TMGIII: Come on now.
In only his
underwear, Thomas McGrew IV sits again to tie the pants to the belt. When he stands and lifts his arm again, his
clothing forms a long, floppy rope about twice as long as his body. He nods.
TMGIV: Watch.
He tosses the
end of his clothing-rope into the air.
The end of his pants leg hits a higher spot on the slide. It rests there for a moment, then slides down
slowly, at a creeping pace, until it has returned to him.
TMGIII: There’s nothing to attach it to.
TMGIV (Angry,
embarrassed): Well, that’s extremely helpful. Don’t you think I know that?
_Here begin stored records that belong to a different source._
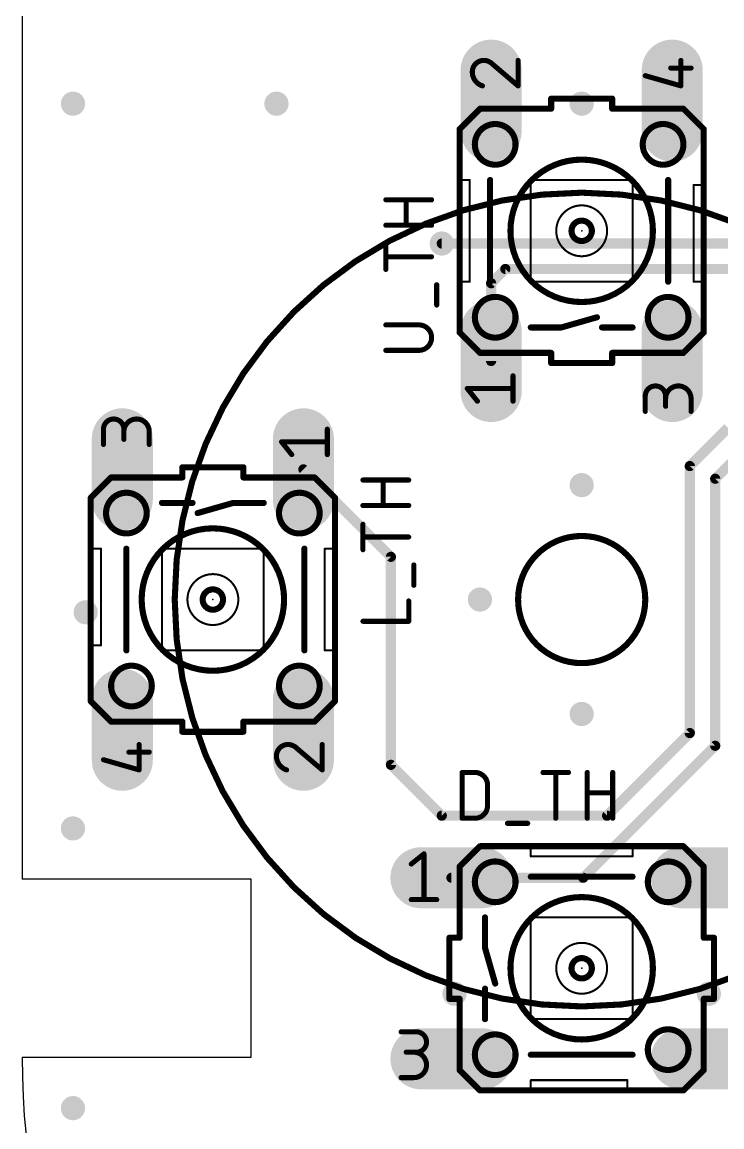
# Model space of a CAD drawing. Extents: x -1.91 to 1.91, y -2.61 to 1.61.
# Drawn here: x -1.2 to -0.512, y -1.518 to -0.432 of the extents above; entities that cross this region are included whole.
import ezdxf

# ---------------------------------------------------------------- set-up
doc = ezdxf.new("R2010")
doc.units = 0
for name, color, linetype in [('1', 22, 'CONTINUOUS'), ('17', 82, 'CONTINUOUS'), ('18', 82, 'CONTINUOUS'), ('20', 30, 'CONTINUOUS'), ('21', 253, 'CONTINUOUS'), ('23', 7, 'CONTINUOUS'), ('25', 253, 'CONTINUOUS'), ('51', 253, 'CONTINUOUS')]:
    doc.layers.add(name, color=color, linetype=linetype)

# ---------------------------------------------------------------- blocks, each defined once
blk = doc.blocks.new('LONGP100')
at = {"const_width": 1}
blk.add_lwpolyline([(-0.5, 0), (0.5, 0)], dxfattribs=at)
at = {"const_width": 0.5}
for points in [[(-0.5, 0.25, 1), (-0.5, -0.25)], [(0.5, -0.25, 1), (0.5, 0.25)]]:
    blk.add_lwpolyline(points, format="xyb", dxfattribs=at)
blk = doc.blocks.new('ROUNDV')
at = {"const_width": 0.5}
blk.add_lwpolyline([(0, -0.25, 1), (0, 0.25, 1), (0, -0.25)], format="xyb", dxfattribs=at)

msp = doc.modelspace()

# ---------------------------------------------------------------- linework, layer by layer
at = {"layer": '1', "const_width": 0.01}
for points in [[(-0.7875, -0.65), (-0.5, -0.65)], [(-0.725, -0.675), (-0.739, -0.689)], [(-0.4875, -0.675), (-0.725, -0.675)], [(-0.739, -0.689), (-0.739, -0.7655)], [(-0.54375, -0.86875), (-0.50625, -0.83125)], [(-0.51875, -0.88125), (-0.475, -0.8375)], [(-0.9235, -0.872), (-0.8375, -0.958)], [(-0.54375, -1.13125), (-0.54375, -0.86875)], [(-0.51875, -1.14375), (-0.51875, -0.88125)], [(-0.8375, -0.958), (-0.8375, -1.1625)], [(-0.625, -1.2125), (-0.54375, -1.13125)], [(-0.6485, -1.2735), (-0.51875, -1.14375)], [(-0.8375, -1.1625), (-0.7875, -1.2125)], [(-0.7875, -1.2125), (-0.625, -1.2125)], [(-0.6485, -1.2735), (-0.778, -1.2735)]]:
    msp.add_lwpolyline(points, dxfattribs=at)
at = {"layer": '1', "const_width": 0.005}
for points in [[(-0.7875, -0.6475, 1), (-0.7875, -0.6525)], [(-0.725, -0.6725, 1), (-0.725, -0.6775)], [(-0.723232, -0.676768, 1), (-0.726768, -0.673232)], [(-0.7365, -0.689, 1), (-0.7415, -0.689)], [(-0.740768, -0.687232, 1), (-0.737232, -0.690768)], [(-0.7415, -0.7655, 1), (-0.7365, -0.7655)], [(-0.921732, -0.870232, 1), (-0.925268, -0.873768)], [(-0.54125, -0.86875, 1), (-0.54625, -0.86875)], [(-0.545518, -0.866982, 1), (-0.541982, -0.870518)], [(-0.51625, -0.88125, 1), (-0.52125, -0.88125)], [(-0.520518, -0.879482, 1), (-0.516982, -0.883018)], [(-0.835, -0.958, 1), (-0.84, -0.958)], [(-0.839268, -0.959768, 1), (-0.835732, -0.956232)], [(-0.54625, -1.13125, 1), (-0.54125, -1.13125)], [(-0.541982, -1.133018, 1), (-0.545518, -1.129482)], [(-0.516982, -1.145518, 1), (-0.520518, -1.141982)], [(-0.52125, -1.14375, 1), (-0.51625, -1.14375)], [(-0.835732, -1.160732, 1), (-0.839268, -1.164268)], [(-0.84, -1.1625, 1), (-0.835, -1.1625)], [(-0.7875, -1.21, 1), (-0.7875, -1.215)], [(-0.789268, -1.214268, 1), (-0.785732, -1.210732)], [(-0.626768, -1.210732, 1), (-0.623232, -1.214268)], [(-0.625, -1.215, 1), (-0.625, -1.21)], [(-0.778, -1.271, 1), (-0.778, -1.276)], [(-0.650268, -1.271732, 1), (-0.646732, -1.275268)], [(-0.6485, -1.276, 1), (-0.6485, -1.271)]]:
    msp.add_lwpolyline(points, format="xyb", dxfattribs=at)
at = {"layer": '20'}
for p, q in [((-1.2, -0.05), (-1.2, -1.275)), ((-0.975, -1.275), (-1.2, -1.275)), ((-0.975, -1.45), (-0.975, -1.275)), ((-1.2, -1.45), (-0.975, -1.45))]:
    msp.add_line(p, q, dxfattribs=at)
at = {"layer": '20', "const_width": 0.006}
msp.add_lwpolyline([(-0.65, -1.0625, 1), (-0.65, -0.9375, 1), (-0.65, -1.0625)], format="xyb", dxfattribs=at)
at = {"layer": '20'}
msp.add_arc((-0.45, -1.45), 0.75, 180, 270, dxfattribs=at)
at = {"layer": '21'}
for points, const_width in [([(-0.62, -0.5075), (-0.68, -0.5075)], 0.006), ([(-0.68, -0.5175), (-0.68, -0.5075)], 0.006), ([(-0.62, -0.5075), (-0.62, -0.5175)], 0.006), ([(-0.68, -0.5175), (-0.69, -0.5175)], 0.006), ([(-0.62, -0.5175), (-0.61, -0.5175)], 0.006), ([(-0.77, -0.5525), (-0.77, -0.5875)], 0.006), ([(-0.53, -0.5925), (-0.53, -0.5525)], 0.006), ([(-0.77, -0.5875), (-0.77, -0.6875)], 0.006), ([(-0.76, -0.5875), (-0.77, -0.5875)], 0.002), ([(-0.76, -0.5875), (-0.76, -0.6875)], 0.002), ([(-0.54, -0.5925), (-0.54, -0.6875)], 0.002), ([(-0.54, -0.5925), (-0.53, -0.5925)], 0.002), ([(-0.53, -0.6875), (-0.53, -0.5925)], 0.006), ([(-0.77, -0.6875), (-0.77, -0.7225)], 0.006), ([(-0.77, -0.6875), (-0.76, -0.6875)], 0.002), ([(-0.54, -0.6875), (-0.53, -0.6875)], 0.002), ([(-0.53, -0.7225), (-0.53, -0.6875)], 0.006), ([(-0.68, -0.7575), (-0.69, -0.7575)], 0.006), ([(-0.68, -0.7675), (-0.68, -0.7575)], 0.006), ([(-0.62, -0.7575), (-0.62, -0.7675)], 0.006), ([(-0.62, -0.7575), (-0.61, -0.7575)], 0.006), ([(-0.68, -0.7675), (-0.62, -0.7675)], 0.006), ([(-0.9825, -0.87), (-1.0425, -0.87)], 0.006), ([(-1.0425, -0.88), (-1.0425, -0.87)], 0.006), ([(-0.9825, -0.87), (-0.9825, -0.88)], 0.006), ([(-1.0425, -0.88), (-1.0525, -0.88)], 0.006), ([(-0.9825, -0.88), (-0.9725, -0.88)], 0.006), ([(-1.1325, -0.915), (-1.1325, -0.95)], 0.006), ([(-0.8925, -0.95), (-0.8925, -0.915)], 0.006), ([(-1.1325, -0.95), (-1.1325, -1.045)], 0.006), ([(-1.1225, -0.95), (-1.1325, -0.95)], 0.002), ([(-1.1225, -1.045), (-1.1225, -0.95)], 0.002), ([(-0.8925, -0.95), (-0.9025, -0.95)], 0.002), ([(-0.9025, -1.05), (-0.9025, -0.95)], 0.002), ([(-0.8925, -1.05), (-0.8925, -0.95)], 0.006), ([(-1.1325, -1.045), (-1.1325, -1.085)], 0.006), ([(-1.1225, -1.045), (-1.1325, -1.045)], 0.002), ([(-0.9025, -1.05), (-0.8925, -1.05)], 0.002), ([(-0.8925, -1.085), (-0.8925, -1.05)], 0.006), ([(-1.0425, -1.12), (-1.0525, -1.12)], 0.006), ([(-1.0425, -1.13), (-1.0425, -1.12)], 0.006), ([(-0.9825, -1.12), (-0.9825, -1.13)], 0.006), ([(-0.9825, -1.12), (-0.9725, -1.12)], 0.006), ([(-1.0425, -1.13), (-0.9825, -1.13)], 0.006), ([(-0.7, -1.2425), (-0.735, -1.2425)], 0.006), ([(-0.6, -1.2425), (-0.7, -1.2425)], 0.006), ([(-0.7, -1.2425), (-0.7, -1.2525)], 0.002), ([(-0.565, -1.2425), (-0.6, -1.2425)], 0.006), ([(-0.6, -1.2525), (-0.6, -1.2425)], 0.002), ([(-0.6, -1.2525), (-0.7, -1.2525)], 0.002), ([(-0.77, -1.3325), (-0.77, -1.3225)], 0.006), ([(-0.53, -1.3325), (-0.53, -1.3225)], 0.006), ([(-0.78, -1.3325), (-0.77, -1.3325)], 0.006), ([(-0.78, -1.3325), (-0.78, -1.3925)], 0.006), ([(-0.53, -1.3325), (-0.52, -1.3325)], 0.006), ([(-0.52, -1.3925), (-0.52, -1.3325)], 0.006), ([(-0.77, -1.3925), (-0.78, -1.3925)], 0.006), ([(-0.77, -1.3925), (-0.77, -1.4025)], 0.006), ([(-0.52, -1.3925), (-0.53, -1.3925)], 0.006), ([(-0.53, -1.3925), (-0.53, -1.4025)], 0.006), ([(-0.605, -1.4725), (-0.7, -1.4725)], 0.002), ([(-0.7, -1.4725), (-0.7, -1.4825)], 0.002), ([(-0.605, -1.4725), (-0.605, -1.4825)], 0.002), ([(-0.735, -1.4825), (-0.7, -1.4825)], 0.006), ([(-0.7, -1.4825), (-0.605, -1.4825)], 0.006), ([(-0.605, -1.4825), (-0.565, -1.4825)], 0.006)]:
    msp.add_lwpolyline(points, dxfattribs=dict(at, const_width=const_width))
for points, const_width in [([(-0.68, -0.506, 1), (-0.68, -0.509)], 0.003), ([(-0.6785, -0.5075, 1), (-0.6815, -0.5075)], 0.003), ([(-0.6185, -0.5075, 1), (-0.6215, -0.5075)], 0.003), ([(-0.62, -0.509, 1), (-0.62, -0.506)], 0.003), ([(-0.69, -0.516, 1), (-0.69, -0.519)], 0.003), ([(-0.6815, -0.5175, 1), (-0.6785, -0.5175)], 0.003), ([(-0.68, -0.519, 1), (-0.68, -0.516)], 0.003), ([(-0.62, -0.516, 1), (-0.62, -0.519)], 0.003), ([(-0.6215, -0.5175, 1), (-0.6185, -0.5175)], 0.003), ([(-0.61, -0.519, 1), (-0.61, -0.516)], 0.003), ([(-0.7685, -0.5525, 1), (-0.7715, -0.5525)], 0.003), ([(-0.5285, -0.5525, 1), (-0.5315, -0.5525)], 0.003), ([(-0.65, -0.7075, 1), (-0.65, -0.5675, 1), (-0.65, -0.7075)], 0.006), ([(-0.7685, -0.5875, 1), (-0.7715, -0.5875)], 0.003), ([(-0.7715, -0.5875, 1), (-0.7685, -0.5875)], 0.003), ([(-0.77, -0.587, 1), (-0.77, -0.588)], 0.001), ([(-0.7595, -0.5875, 1), (-0.7605, -0.5875)], 0.001), ([(-0.76, -0.588, 1), (-0.76, -0.587)], 0.001), ([(-0.65, -1.4, 1), (-0.65, -0.6, 1), (-0.65, -1.4)], 0.006), ([(-0.5395, -0.5925, 1), (-0.5405, -0.5925)], 0.001), ([(-0.54, -0.592, 1), (-0.54, -0.593)], 0.001), ([(-0.5285, -0.5925, 1), (-0.5315, -0.5925)], 0.003), ([(-0.5315, -0.5925, 1), (-0.5285, -0.5925)], 0.003), ([(-0.53, -0.593, 1), (-0.53, -0.592)], 0.001), ([(-0.65, -0.6475, 1), (-0.65, -0.6275, 1), (-0.65, -0.6475)], 0.006), ([(-0.7685, -0.6875, 1), (-0.7715, -0.6875)], 0.003), ([(-0.7715, -0.6875, 1), (-0.7685, -0.6875)], 0.003), ([(-0.77, -0.687, 1), (-0.77, -0.688)], 0.001), ([(-0.7605, -0.6875, 1), (-0.7595, -0.6875)], 0.001), ([(-0.76, -0.688, 1), (-0.76, -0.687)], 0.001), ([(-0.54, -0.687, 1), (-0.54, -0.688)], 0.001), ([(-0.5405, -0.6875, 1), (-0.5395, -0.6875)], 0.001), ([(-0.5285, -0.6875, 1), (-0.5315, -0.6875)], 0.003), ([(-0.5315, -0.6875, 1), (-0.5285, -0.6875)], 0.003), ([(-0.53, -0.688, 1), (-0.53, -0.687)], 0.001), ([(-0.7715, -0.7225, 1), (-0.7685, -0.7225)], 0.003), ([(-0.5315, -0.7225, 1), (-0.5285, -0.7225)], 0.003), ([(-0.69, -0.756, 1), (-0.69, -0.759)], 0.003), ([(-0.6785, -0.7575, 1), (-0.6815, -0.7575)], 0.003), ([(-0.68, -0.759, 1), (-0.68, -0.756)], 0.003), ([(-0.6185, -0.7575, 1), (-0.6215, -0.7575)], 0.003), ([(-0.62, -0.756, 1), (-0.62, -0.759)], 0.003), ([(-0.61, -0.759, 1), (-0.61, -0.756)], 0.003), ([(-0.68, -0.766, 1), (-0.68, -0.769)], 0.003), ([(-0.6815, -0.7675, 1), (-0.6785, -0.7675)], 0.003), ([(-0.6215, -0.7675, 1), (-0.6185, -0.7675)], 0.003), ([(-0.62, -0.769, 1), (-0.62, -0.766)], 0.003), ([(-1.0425, -0.8685, 1), (-1.0425, -0.8715)], 0.003), ([(-1.041, -0.87, 1), (-1.044, -0.87)], 0.003), ([(-0.981, -0.87, 1), (-0.984, -0.87)], 0.003), ([(-0.9825, -0.8715, 1), (-0.9825, -0.8685)], 0.003), ([(-1.0525, -0.8785, 1), (-1.0525, -0.8815)], 0.003), ([(-1.044, -0.88, 1), (-1.041, -0.88)], 0.003), ([(-1.0425, -0.8815, 1), (-1.0425, -0.8785)], 0.003), ([(-0.9825, -0.8785, 1), (-0.9825, -0.8815)], 0.003), ([(-0.984, -0.88, 1), (-0.981, -0.88)], 0.003), ([(-0.9725, -0.8815, 1), (-0.9725, -0.8785)], 0.003), ([(-1.131, -0.915, 1), (-1.134, -0.915)], 0.003), ([(-0.891, -0.915, 1), (-0.894, -0.915)], 0.003), ([(-1.0125, -1.07, 1), (-1.0125, -0.93, 1), (-1.0125, -1.07)], 0.006), ([(-1.131, -0.95, 1), (-1.134, -0.95)], 0.003), ([(-1.134, -0.95, 1), (-1.131, -0.95)], 0.003), ([(-1.1325, -0.9495, 1), (-1.1325, -0.9505)], 0.001), ([(-1.122, -0.95, 1), (-1.123, -0.95)], 0.001), ([(-1.1225, -0.9505, 1), (-1.1225, -0.9495)], 0.001), ([(-0.9025, -0.9495, 1), (-0.9025, -0.9505)], 0.001), ([(-0.902, -0.95, 1), (-0.903, -0.95)], 0.001), ([(-0.891, -0.95, 1), (-0.894, -0.95)], 0.003), ([(-0.894, -0.95, 1), (-0.891, -0.95)], 0.003), ([(-0.8925, -0.9505, 1), (-0.8925, -0.9495)], 0.001), ([(-1.0125, -1.01, 1), (-1.0125, -0.99, 1), (-1.0125, -1.01)], 0.006), ([(-1.131, -1.045, 1), (-1.134, -1.045)], 0.003), ([(-1.134, -1.045, 1), (-1.131, -1.045)], 0.003), ([(-1.1325, -1.0445, 1), (-1.1325, -1.0455)], 0.001), ([(-1.123, -1.045, 1), (-1.122, -1.045)], 0.001), ([(-1.1225, -1.0455, 1), (-1.1225, -1.0445)], 0.001), ([(-0.9025, -1.0495, 1), (-0.9025, -1.0505)], 0.001), ([(-0.903, -1.05, 1), (-0.902, -1.05)], 0.001), ([(-0.891, -1.05, 1), (-0.894, -1.05)], 0.003), ([(-0.894, -1.05, 1), (-0.891, -1.05)], 0.003), ([(-0.8925, -1.0505, 1), (-0.8925, -1.0495)], 0.001), ([(-1.134, -1.085, 1), (-1.131, -1.085)], 0.003), ([(-0.894, -1.085, 1), (-0.891, -1.085)], 0.003), ([(-1.0525, -1.1185, 1), (-1.0525, -1.1215)], 0.003), ([(-1.041, -1.12, 1), (-1.044, -1.12)], 0.003), ([(-1.0425, -1.1215, 1), (-1.0425, -1.1185)], 0.003), ([(-0.981, -1.12, 1), (-0.984, -1.12)], 0.003), ([(-0.9825, -1.1185, 1), (-0.9825, -1.1215)], 0.003), ([(-0.9725, -1.1215, 1), (-0.9725, -1.1185)], 0.003), ([(-1.0425, -1.1285, 1), (-1.0425, -1.1315)], 0.003), ([(-1.044, -1.13, 1), (-1.041, -1.13)], 0.003), ([(-0.984, -1.13, 1), (-0.981, -1.13)], 0.003), ([(-0.9825, -1.1315, 1), (-0.9825, -1.1285)], 0.003), ([(-0.735, -1.241, 1), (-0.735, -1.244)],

TMGIII: Drink some tea and try to relax a bit.
TMGIV (Stomps
his foot on the slide, sending vibrations up and down): I AM RELAXED.
TMGIII: Put your clothes on and have some tea.
* * *
Whenever
Gavin needed to talk to Marjorie Mendelssohn—two dactyls, she joked—she wanted
to meet at Café Firenze, not her office.
It was the artsier of the two undergraduate coffee shops on Main Street. Students here wore thick knitted scarves and
serious dark sweaters. The ones in New
Buffalo sweatshirts and baseball caps went to College Grounds, two doors over.
She
was always ten minutes late, but since she was one of Gavin’s dissertation
advisors, he needed to show up on time and wait for her. At least it was a nice place to sit. Today they had a fire going and the air
smelled like gingerbread lattes. He sipped his black coffee and pretended to
read the photocopied article on the table in front of him. But mostly he was watching Sinder’s advisor, Randy
Ledbetter, across the room. Jolly and white-bearded,
he sat surrounded by philosophy undergrads at his regular table in the corner,
holding forth like Socrates.
“I
guess that depends on how you define Utilitarian,”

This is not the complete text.